One oil supplier's trans-fat alternative line includes a shortening for cakes and icing, as well as an all-purpose shortening that the company says is suitable for use in cookie doughs, muffin batters and pie crusts. Another supplier's line contains six products, one of which is considered suitable for cakes because it can provide the texture and mouthfeel of butter and is easy to aerate, the company says. Another is recommended for cookies and crackers, and another for icing and bakery mixes.
Similarly, another manufacturer says its products can benefit a number of food systems, including the baking, snacks, confections and margarine industries. By offering a multi-product line of low-and no-trans fat oils, the company says it can give food manufacturers "options that are tailor-made to suit their needs."
With the deadline for labeling trans fat nearing (see sidebar below), many suppliers of trans-fat alternatives are offering research and development services for bakers looking to eliminate trans fats from their product lines. Although these suppliers say that their trans-fat alternatives can be incorporated into current formulations without major processing changes, they are offering technical assistance for those that may need help with reformulationsor with choosing the most appropriate product. Besides reformulation considerations, bakers also should prepare for possible cost increases when making the switch to reduced-or notrans fat shortenings and oils. Depending on the product, costs generally are about the same as traditional oils and shortenings, or, as one manufacturer put it, "modestly more."

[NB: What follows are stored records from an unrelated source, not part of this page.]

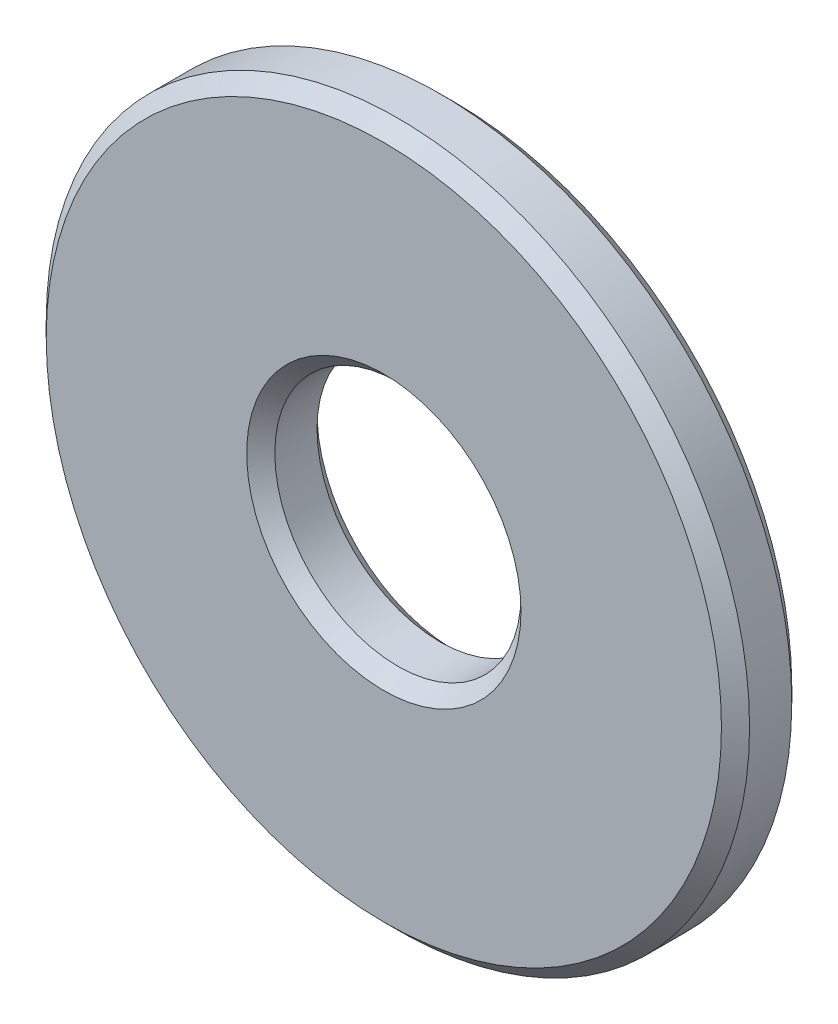
SolidWorks part; units mm, degrees
ref_plane "Front Plane" through (0, 0, 0) normal (0, 0, 1) x (1, 0, 0)
ref_plane "Top Plane" through (0, 0, 0) normal (0, 1, 0) x (1, 0, 0)
ref_plane "Right Plane" through (0, 0, 0) normal (1, 0, 0) x (0, 0, -1)
sketch "Sketch1" plane through (0, 0, 0) normal (0, 0, 1) x (1, 0, 0)
  circle A0 centre (0, 0) radius 1.75
  circle A1 centre (0, 0) radius 5
  dimension "D1" = 3.5
  dimension "D2" = 10
extrude "Boss-Extrude1" add sketch "Sketch1" along normal blind 1
chamfer "Chamfer1" distance 0.2 angle 45 4 edges at (1.75, 0, 0) (5, 0, 0) (1.75, 0, 1) (5, 0, 1)

Weighing the pros and cons
The main question now is whether bakers and other food manufacturers will make the switch to trans-fat alternatives. Already, Voortman Cookies has announced the elimination of trans fat in its products, and fellow cookie baker, Kraft Foods and its Nabisco brand, has stated that it is researching ways to reduce the trans-fat content of Oreo cookies.
However, these bakeries and all bakeries with trans-fat levels in their products face some hard choices. Trans fat alternatives raise a unique set of issues, a combination of cost concerns, nutrition trade-offs and functionality. But at the same time, they address one of the biggest health concerns today: reducing the trans-fat content of bakery foods. As Barry Swanson of Washington State University says, trans fats have become "a red flag to consumers." Whether that alone is enough to warrant a switch remains to be seen.
Only two years until labeling changes
Has it already been four years since the world was enthralled with millennium fever and gripped with fear over a potential Y2K Bug? For most people, these events seem like yesterday. If this is the case, January 1, 2006, will be here in no time.
This date marks the beginning of a new era in food labeling. From this date on, bakeries will have to label the trans-fat content of their bakery foods on the Nutrition Facts Panel.
According to the trans-fat rule, all food manufacturers must declare trans-fat content in the nutrition label on a separate line immediately under the line for the declaration of saturated-fatty acids. As with all subcomponents of total fat, the trans-fat declaration "is to be indented and separated by a hairline, with the amount expressed as grams per serving to the nearest 0.5 gram increment below 5 grams, and the nearest gram increment above 5 grams," the FDA rule states. If a serving of food contains less than 0.5 grams of trans fat, the trans-fat content must be declared as zero, except if a baker makes the statement, "Not a significant source of trans fat," on a product label.
Food manufacturers must comply with the trans-fat rule by January 1, 2006, but FDA is encouraging food manufacturers to implement the changes before this date.